Cost of maintaining rural mail service questioned
Lorelei Beal says it’s “ridiculous” that Canada Post plans to fork over more than CD500 million to maintain rural mail delivery across the country.
The Conservative government ordered the post office late last year to continue rural roadside delivery amid concerns about the safety of mail carriers on busy rural roads.
Beal, who lives on Highway 7 between Guelph and Rockwood, said postal workers haven’t expressed any safety concerns about door-to-door mail delivery for years.
“How come it’s been done for years and years and now it’s become such a big issue? We always had rural mail and there was never a question.”
She is one of the rural residents who’s still getting mail delivered to her mailbox. Not all residents have been so lucky.

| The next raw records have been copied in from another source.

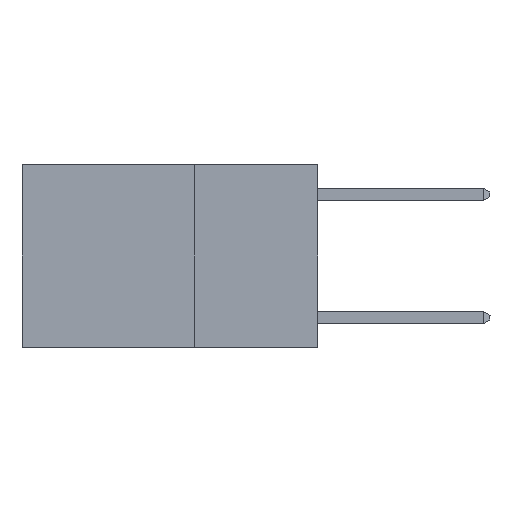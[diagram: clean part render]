
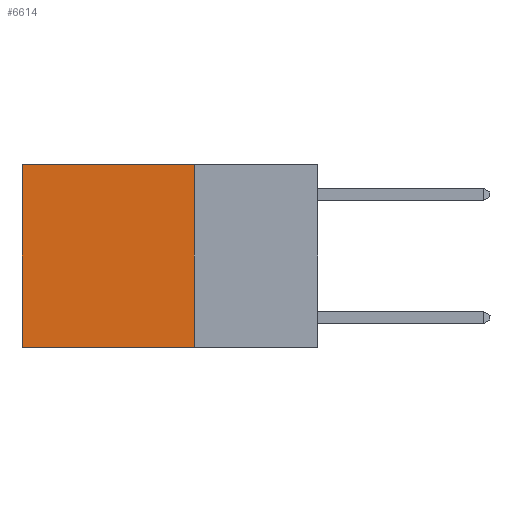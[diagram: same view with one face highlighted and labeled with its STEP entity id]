
A CAD part, left-side view. The second image highlights one B-rep face of the part: STEP entity #6614.
In plain terms, the highlighted planar face has unit normal (-1, 0, 0).
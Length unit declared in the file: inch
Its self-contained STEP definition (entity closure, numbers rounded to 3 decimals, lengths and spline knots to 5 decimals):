
#3 = CARTESIAN_POINT ( 'NONE',  ( 0.2625, 0.25, 0. ) ) ;
#15 = CARTESIAN_POINT ( 'NONE',  ( 0.2625, 0.6, 0. ) ) ;
#101 = DIRECTION ( 'NONE',  ( 0., 0., -1. ) ) ;
#141 = LINE ( 'NONE', #1296, #5690 ) ;
#219 = DIRECTION ( 'NONE',  ( 0., 0., -1. ) ) ;
#355 = VECTOR ( 'NONE', #4874, 39.37008 ) ;
#716 = CARTESIAN_POINT ( 'NONE',  ( 0.2625, 0.25, 0. ) ) ;
#947 = CARTESIAN_POINT ( 'NONE',  ( 0.2625, 0.6, -0.37 ) ) ;
#1135 = EDGE_LOOP ( 'NONE', ( #3486, #8512, #5399, #6686 ) ) ;
#1296 = CARTESIAN_POINT ( 'NONE',  ( 0.2625, 0.25, 0. ) ) ;
#1358 = FACE_OUTER_BOUND ( 'NONE', #1135, .T. ) ;
#1761 = EDGE_CURVE ( 'NONE', #2635, #3724, #7475, .T. ) ;
#2635 = VERTEX_POINT ( 'NONE', #7649 ) ;
#3202 = LINE ( 'NONE', #15, #355 ) ;
#3476 = LINE ( 'NONE', #716, #9078 ) ;
#3486 = ORIENTED_EDGE ( 'NONE', *, *, #6206, .T. ) ;
#3718 = PLANE ( 'NONE',  #7312 ) ;
#3724 = VERTEX_POINT ( 'NONE', #947 ) ;
#3817 = CARTESIAN_POINT ( 'NONE',  ( 0.2625, 0.25, 0. ) ) ;
#4601 = CARTESIAN_POINT ( 'NONE',  ( 0.2625, 0.25, -0.37 ) ) ;
#4874 = DIRECTION ( 'NONE',  ( 0., 0., -1. ) ) ;
#4886 = EDGE_CURVE ( 'NONE', #8691, #2635, #3476, .T. ) ;
#5399 = ORIENTED_EDGE ( 'NONE', *, *, #4886, .F. ) ;
#5690 = VECTOR ( 'NONE', #6941, 39.37008 ) ;
#5791 = CARTESIAN_POINT ( 'NONE',  ( 0.2625, 0.6, 0. ) ) ;
#6206 = EDGE_CURVE ( 'NONE', #9044, #3724, #3202, .T. ) ;
#6614 = ADVANCED_FACE ( 'NONE', ( #1358 ), #3718, .F. ) ;
#6686 = ORIENTED_EDGE ( 'NONE', *, *, #8547, .T. ) ;
#6941 = DIRECTION ( 'NONE',  ( 0., 1., 0. ) ) ;
#7312 = AXIS2_PLACEMENT_3D ( 'NONE', #3817, #8747, #219 ) ;
#7475 = LINE ( 'NONE', #4601, #8721 ) ;
#7649 = CARTESIAN_POINT ( 'NONE',  ( 0.2625, 0.25, -0.37 ) ) ;
#8204 = DIRECTION ( 'NONE',  ( 0., 1., 0. ) ) ;
#8512 = ORIENTED_EDGE ( 'NONE', *, *, #1761, .F. ) ;
#8547 = EDGE_CURVE ( 'NONE', #8691, #9044, #141, .T. ) ;
#8691 = VERTEX_POINT ( 'NONE', #3 ) ;
#8721 = VECTOR ( 'NONE', #8204, 39.37008 ) ;
#8747 = DIRECTION ( 'NONE',  ( 1., 0., 0. ) ) ;
#9044 = VERTEX_POINT ( 'NONE', #5791 ) ;
#9078 = VECTOR ( 'NONE', #101, 39.37008 ) ;

Some Puslinch Township residents were irked last year when they were told they wouldn’t get their mail delivered to the end of their laneway anymore, but instead had to pick up letters at a communal super-mailbox.
Postal workers have expressed concerns about the risk to rural carriers who deliver mail to roadside boxes.
There were about a dozen accidents last year, including two fatalities. Carriers are also worried about repetitive strain injury from leaning out vehicle windows to deliver the mail.
Canada Post spokesperson John Caines said this week it will cost CD153 million over the next two years to implement their rural delivery plan.
However, Canada Post expects to spend more than CD500 million over five years to ensure rural residents are receiving their mail, he said.
Caines said staff have to be hired to assess 843,000 rural customers in five years, which explains the huge cost.
He said Canada Post expects within the next 18 months to examine whether service to 5,500 rural mailboxes should be restored.
Caines said a traffic safety assessment plan will be developed that measures traffic volume, visibility and stopping distances.
“The landscape of rural roads has changed dramatically over the years,” Caines said, adding the roads have become busier and speed limits have increased.
Wellington-Halton Hills MP Michael Chong isn’t certain what Canada Post’s solution will entail, but said rural Canadians expect home delivery.
Canada Post has been given a monopoly on mail delivery and in return residents should expect to get their mail, Chong said.
“It’s probably cheaper to deliver to an apartment complex in Guelph . . . but it doesn’t mean that we don’t deliver mail to single, detached homes,” he said. The Tory MP said Canada Post needs to think innovatively on how to protect rural delivery, while at the same time addressing safety concerns by their employees.
“There are things that are basic to civilization,” he said.
“One of those is to deliver messages from point A to point B.”